21. Anthony Miller, WR, Memphis
Miller has been a mainstay in the "honorable mention" section all season. And although he's a small wideout, he plays big with his outstanding ball skills. Receivers who flourish after the catch and can win in contested-catch situations are typically successful in the NFL, regardless of size.
22. Chukwuma Okorafor, OT, Western Michigan
Okorafor is an offensive line coach's dream. His enormous, with long arms, quick feet, and he consistently played with a balanced foundation.
23. Taven Bryan, DL, Florida
Bryan isn't as twitchy as J.J. Watt but at 6-foot-4 and 290 pounds with an array of pass-rushing moves, the comparison is actually quite logical. Bryanthat he'll be entering the 2018 draft.
24. Denzel Ward, CB, Ohio State
Ward was just named first-team All-American and rightfully so. He finished the year with 15 pass breakups, two picks, and repeated blanket coverage. If he was a few inches taller, he'd be a top-10 pick.
25. Connor Williams, OT, Texas
Williams might have the highest ceiling of any offensive tackle in the class, but a few hiccups in his injury-shortened 2017 put him at No. 25 for the time being. The pre-draft process will be vital for him.
26. T.J. Edwards, LB, Wisconsin
Edwards isn't flashy, he just makes an impact at all levels of the field every game.
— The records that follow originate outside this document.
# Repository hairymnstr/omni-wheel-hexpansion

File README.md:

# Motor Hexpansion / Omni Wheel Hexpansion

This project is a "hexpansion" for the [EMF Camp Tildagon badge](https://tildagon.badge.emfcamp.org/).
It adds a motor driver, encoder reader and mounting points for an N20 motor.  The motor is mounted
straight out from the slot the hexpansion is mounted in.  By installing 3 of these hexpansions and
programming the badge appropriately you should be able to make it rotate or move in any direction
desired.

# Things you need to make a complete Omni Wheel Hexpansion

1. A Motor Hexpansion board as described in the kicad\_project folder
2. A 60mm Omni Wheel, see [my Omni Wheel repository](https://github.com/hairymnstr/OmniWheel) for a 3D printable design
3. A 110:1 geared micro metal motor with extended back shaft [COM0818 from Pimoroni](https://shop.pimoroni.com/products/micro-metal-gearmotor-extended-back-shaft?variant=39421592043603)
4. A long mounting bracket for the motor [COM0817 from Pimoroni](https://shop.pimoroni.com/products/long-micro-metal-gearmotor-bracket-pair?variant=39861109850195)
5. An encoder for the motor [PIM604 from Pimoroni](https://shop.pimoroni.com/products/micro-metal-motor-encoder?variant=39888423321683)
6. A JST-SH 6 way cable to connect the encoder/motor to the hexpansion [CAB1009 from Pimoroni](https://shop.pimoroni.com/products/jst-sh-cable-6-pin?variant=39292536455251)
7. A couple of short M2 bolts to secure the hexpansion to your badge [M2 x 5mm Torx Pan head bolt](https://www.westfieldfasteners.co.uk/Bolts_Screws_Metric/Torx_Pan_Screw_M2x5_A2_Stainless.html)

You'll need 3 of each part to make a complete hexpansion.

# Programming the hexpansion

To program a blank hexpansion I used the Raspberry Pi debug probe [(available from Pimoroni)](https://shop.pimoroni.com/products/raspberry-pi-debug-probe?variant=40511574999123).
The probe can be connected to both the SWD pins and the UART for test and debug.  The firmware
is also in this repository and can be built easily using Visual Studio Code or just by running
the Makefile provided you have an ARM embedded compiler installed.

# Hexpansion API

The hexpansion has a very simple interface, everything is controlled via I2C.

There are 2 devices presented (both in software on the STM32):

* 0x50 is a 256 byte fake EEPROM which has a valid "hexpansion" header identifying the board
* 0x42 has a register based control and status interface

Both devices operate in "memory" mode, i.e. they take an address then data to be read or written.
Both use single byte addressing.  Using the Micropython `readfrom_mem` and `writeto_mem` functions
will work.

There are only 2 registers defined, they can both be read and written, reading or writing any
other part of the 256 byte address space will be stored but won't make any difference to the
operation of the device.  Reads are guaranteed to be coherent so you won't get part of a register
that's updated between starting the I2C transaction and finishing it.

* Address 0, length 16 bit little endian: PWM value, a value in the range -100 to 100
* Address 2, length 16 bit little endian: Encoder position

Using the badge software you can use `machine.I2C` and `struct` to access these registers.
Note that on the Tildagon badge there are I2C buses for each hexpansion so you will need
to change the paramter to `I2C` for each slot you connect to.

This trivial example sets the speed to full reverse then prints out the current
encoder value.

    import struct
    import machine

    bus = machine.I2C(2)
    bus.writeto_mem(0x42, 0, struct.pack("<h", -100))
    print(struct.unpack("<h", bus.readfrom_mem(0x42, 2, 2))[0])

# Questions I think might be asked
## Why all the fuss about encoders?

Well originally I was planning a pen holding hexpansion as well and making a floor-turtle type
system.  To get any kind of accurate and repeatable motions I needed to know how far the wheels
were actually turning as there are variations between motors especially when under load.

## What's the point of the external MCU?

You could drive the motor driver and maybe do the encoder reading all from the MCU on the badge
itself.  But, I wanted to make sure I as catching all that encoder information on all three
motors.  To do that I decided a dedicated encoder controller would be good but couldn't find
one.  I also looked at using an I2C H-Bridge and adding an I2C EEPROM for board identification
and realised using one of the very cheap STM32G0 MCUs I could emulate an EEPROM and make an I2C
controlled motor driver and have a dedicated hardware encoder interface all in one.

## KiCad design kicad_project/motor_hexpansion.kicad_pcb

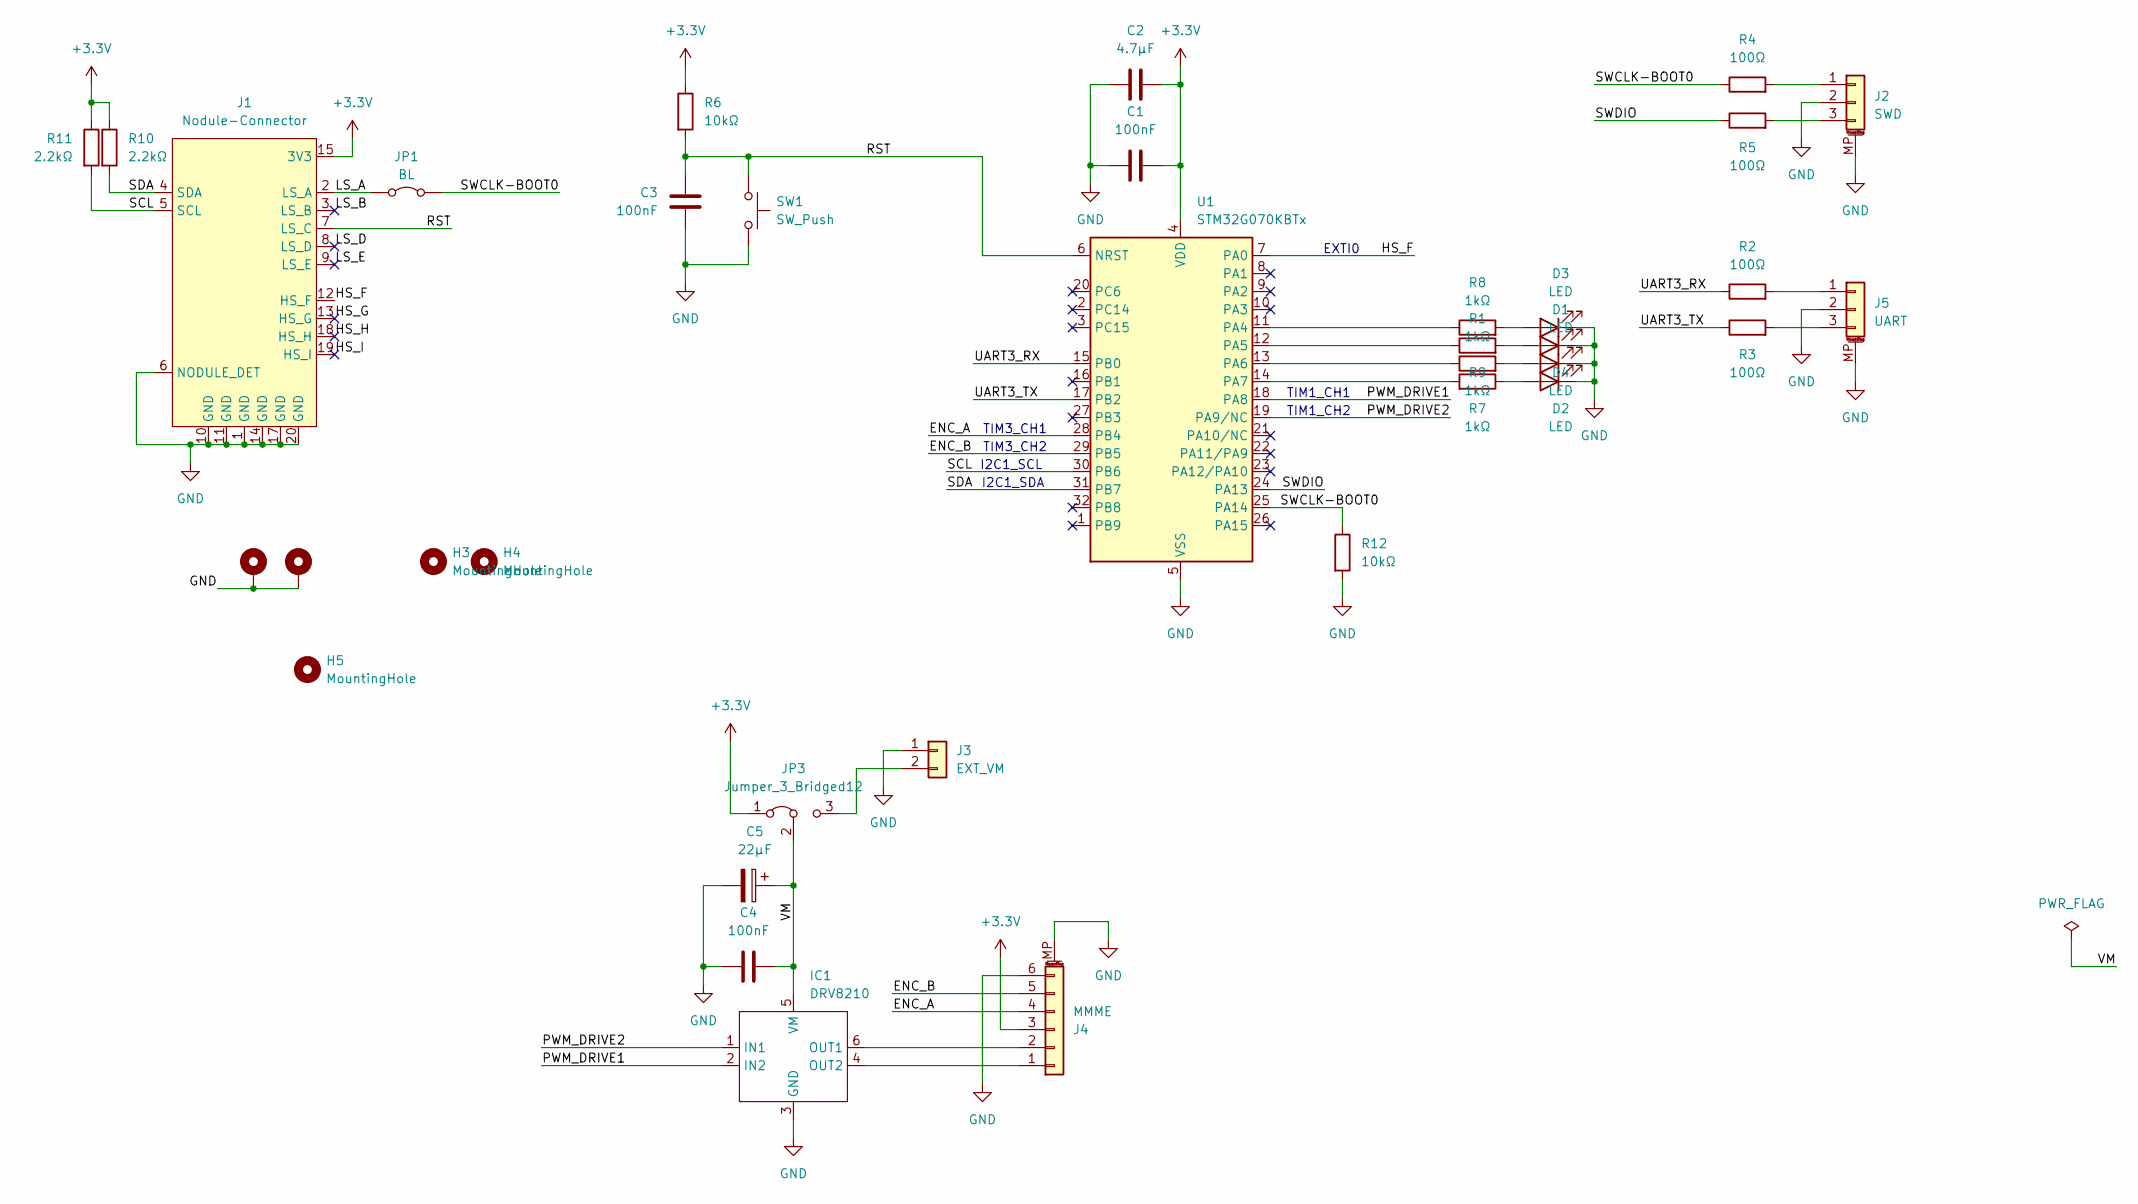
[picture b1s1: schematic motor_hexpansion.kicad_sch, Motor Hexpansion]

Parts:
C1, C3, C4: 100nF; C_0603_1608Metric
C2: 4.7µF; C_0603_1608Metric
C5: 22µF; CP_Elec_5x5.4
D1, D2, D3, D4: LED; LED_0603_1608Metric_Pad1.05x0.95mm_HandSolder
H1, H2: MountingHole_Pad; MountingHole_2.2mm_M2_Pad_Via
H3, H4: MountingHole; MountingHole_2.2mm_M2
H5: MountingHole; dclogo
IC1: DRV8210; SOT-563
J1: Nodule-Connector; nodule-edge-connector
J2: SWD; JST_SH_SM03B-SRSS-TB_1x03-1MP_P1.00mm_Horizontal
J3: EXT_VM; Molex_KK-254_AE-6410-02A_1x02_P2.54mm_Vertical
J4: MMME; JST_SH_SM06B-SRSS-TB_1x06-1MP_P1.00mm_Horizontal
J5: UART; JST_SH_SM03B-SRSS-TB_1x03-1MP_P1.00mm_Horizontal
JP1: BL; SolderJumper-2_P1.3mm_Bridged_Pad1.0x1.5mm
JP3: Jumper_3_Bridged12; SolderJumper-3_P1.3mm_Bridged2Bar12_Pad1.0x1.5mm_NumberLabe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
R1, R7, R8, R9: 1kΩ; R_0603_1608Metric
R2, R3, R4, R5: 100Ω; R_0603_1608Metric
R6, R12: 10kΩ; R_0603_1608Metric
R10, R11: 2.2kΩ; R_0603_1608Metric
SW1: SW_Push; Panasonic_EVQPUL_EVQPUC
U1: STM32G070KBTx; LQFP-32_7x7mm_P0.8mm

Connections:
+3.3V: C1.2, C2.2, J1.15 (3V3), J1.16 (3V3), J4.3, JP3.1 (A), R6.1, R10.1, R11.1, U1.4 (VDD)
/ENC_A: J4.4, U1.28 (PB4)
/ENC_B: J4.5, U1.29 (PB5)
/HS_F: J1.12 (HS_F), U1.7 (PA0)
/HS_G: J1.13 (HS_G)
/HS_H: J1.18 (HS_H)
/HS_I: J1.19 (HS_I)
/LS_A: J1.2 (LS_A), JP1.1 (A)
/LS_B: J1.3 (LS_B)
/LS_D: J1.8 (LS_D)
/LS_E: J1.9 (LS_E)
/PWM_DRIVE1: IC1.2 (IN2), U1.18 (PA8)
/PWM_DRIVE2: IC1.1 (IN1), U1.19 (PA9/NC)
/RST: C3.1, J1.7 (LS_C), R6.2, SW1.1, U1.6 (NRST)
/SCL: J1.5 (SCL), R11.2, U1.30 (PB6)
/SDA: J1.4 (SDA), R10.2, U1.31 (PB7)
/SWCLK-BOOT0: JP1.2 (B), R4.1, R12.1, U1.25 (PA14)
/SWDIO: R5.1, U1.24 (PA13)
/UART3_RX: R2.1, U1.15 (PB0)
/UART3_TX: R3.1, U1.17 (PB2)
/VM: C4.2, C5.1, IC1.5 (VM), JP3.2 (C)
GND: C1.1, C2.1, C3.2, C4.1, C5.2, D1.1 (K), D2.1 (K), D3.1 (K), D4.1 (K), H1.1, H2.1, IC1.3 (GND), J1.1 (GND), J1.6 (NODULE_DET), J1.10 (GND), J1.11 (GND), J1.14 (GND), J1.17 (GND), J1.20 (GND), J2.2, J2.MP (MountPin), J3.1, J4.6, J4.MP (MountPin), J5.2, J5.MP (MountPin), R12.2, SW1.2, U1.5 (VSS)
unnamed: D1.2 (A), R1.2
unnamed: D2.2 (A), R7.1
unnamed: D3.2 (A), R8.2
unnamed: D4.2 (A), R9.2
unnamed: IC1.6 (OUT1), J4.2
unnamed: IC1.4 (OUT2), J4.1
unnamed: J2.1, R4.2
unnamed: J2.3, R5.2
unnamed: J3.2, JP3.3 (B)
unnamed: J5.1, R2.2
unnamed: J5.3, R3.2
unnamed: R8.1, U1.11 (PA4)
unnamed: R9.1, U1.12 (PA5)
unnamed: R1.1, U1.13 (PA6)
unnamed: R7.2, U1.14 (PA7)

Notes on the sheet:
TIM1_CH2
EXTI0
I2C1_SDA
TIM1_CH1
I2C1_SCL
TIM3_CH1
TIM3_CH2

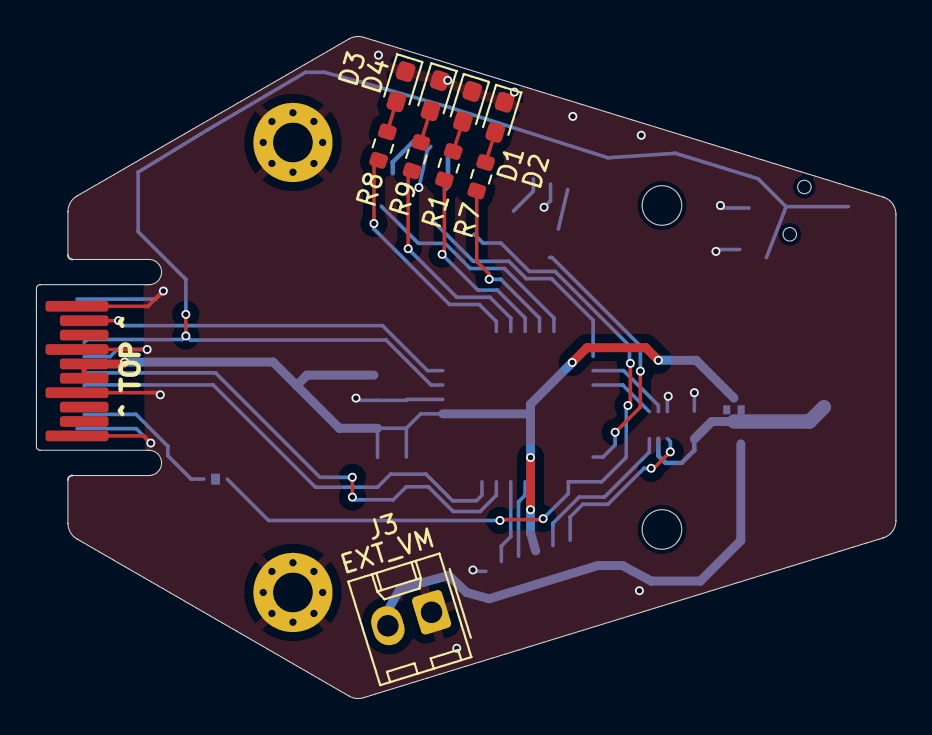
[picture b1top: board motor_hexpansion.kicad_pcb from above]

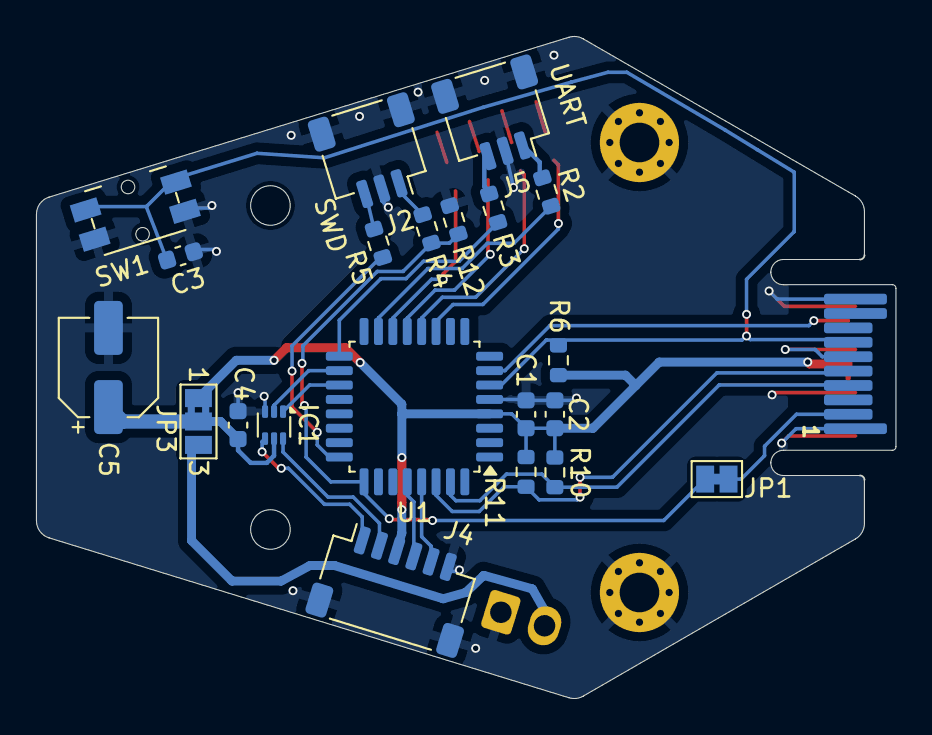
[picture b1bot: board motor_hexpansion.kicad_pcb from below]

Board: 2 copper layers, 47.7 x 36.7 mm, 35 parts (21 on the bottom side), 31 nets.

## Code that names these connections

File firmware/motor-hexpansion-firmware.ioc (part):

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Mcu.Name=STM32G070KBTx
Mcu.Package=LQFP32
Mcu.UserName=STM32G070KBTx
PA0.Signal=GPXTI0
PA13.Mode=Serial_Wire
PA13.Signal=SYS_SWDIO
PA14-BOOT0.Mode=Serial_Wire
PA14-BOOT0.Signal=SYS_SWCLK
PA4.GPIOParameters=GPIO_Label
PA4.GPIO_Label=LED0
PA4.Signal=GPIO_Output
PA5.GPIOParameters=GPIO_Label
PA5.GPIO_Label=LED1
PA5.Signal=GPIO_Output
PA6.GPIOParameters=GPIO_Label
PA6.GPIO_Label=LED2
PA6.Signal=GPIO_Output
PA7.GPIOParameters=GPIO_Label
PA7.GPIO_Label=LED3
PA7.Signal=GPIO_Output
PA8.Signal=S_TIM1_CH1
PA9.Signal=S_TIM1_CH2
PB0.Mode=Asynchronous
PB0.Signal=USART3_RX
PB2.Mode=Asynchronous
PB2.Signal=USART3_TX
PB4.Signal=S_TIM3_CH1
PB5.Signal=S_TIM3_CH2
PB6.Mode=I2C
PB6.Signal=I2C1_SCL
PB7.Mode=I2C
PB7.Signal=I2C1_SDA
RCC.HSE_VALUE=8000000
RCC.SYSCLKFreq_VALUE=64000000
RCC.SYSCLKSource=RCC_SYSCLKSOURCE_PLLCLK
board=custom

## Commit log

2024-05-25 Adding files to version control for sharing
2024-05-25 Adding the project firmware as well
2024-05-25 Adding some documentation
2024-05-26 Made the I2C interface work. Needs more eeprom work
2024-05-26 Valid fake eeprom contents
2024-05-26 Updated docs with some programming guidance

On the season, he has 75 tackles, 11 tackles for loss, two sacks, four interceptions, and seven pass breakups. Many 3-4 teams will be enamored with the idea of him in the middle of their defense.
27. Arden Key, DE, LSU
Key has Myles Garrett-ian size, athleticism, and pass-rushing skills. It's just that he rarely puts everything together. Injuries played a role in 2017 after he was a monster in 2016 for the Tigers.
28. Ronald Jones II, RB, USC
Right now, Jones seems to be the premier "value" pick at the running back position, particularly for a team wanting to invest an "early" pick on the backfield spot. He has serious between-the-tackles toughness, and his home-run hitting power is close to Bryce Love.
29. Mark Andrews, TE, Oklahoma
Andrews has been an explosive security blanket for Baker Mayfield all season. He has special talent at 6-foot-4 and 250-something pounds. Drops happen, but he's been a spectacular pass-catching option in Oklahoma's high-powered attack.
30. Isaiah Oliver, CB, Colorado
Oliver has No. 1 cornerback physical traits, especially his ability to run and change direction. After breaking up 13 passes in his first two seasons with the Buffaloes, he knocked away 12 passes this year.
31. Marcell Ateman, WR, Oklahoma State
Ateman has an overall grade remisicent of Brandon Marshall. He's big and plays up to his size with unmatched dominance at the catch point among college receivers. He demonstrated underrated yards-after-the-catch skills on a variety of screens in Oklahoma State's offense too.
32. Marcus Davenport, DE, UTSA
The small-school sleeper with top edge-rusher capabilities, Davenport has gradually gotten better in each of his seasons at Texas-San Antonio, and that maturation has culminated with a 8.5-sack, 17.5-tackle-for-loss senior season for the 6-foot-7, 255-pounder.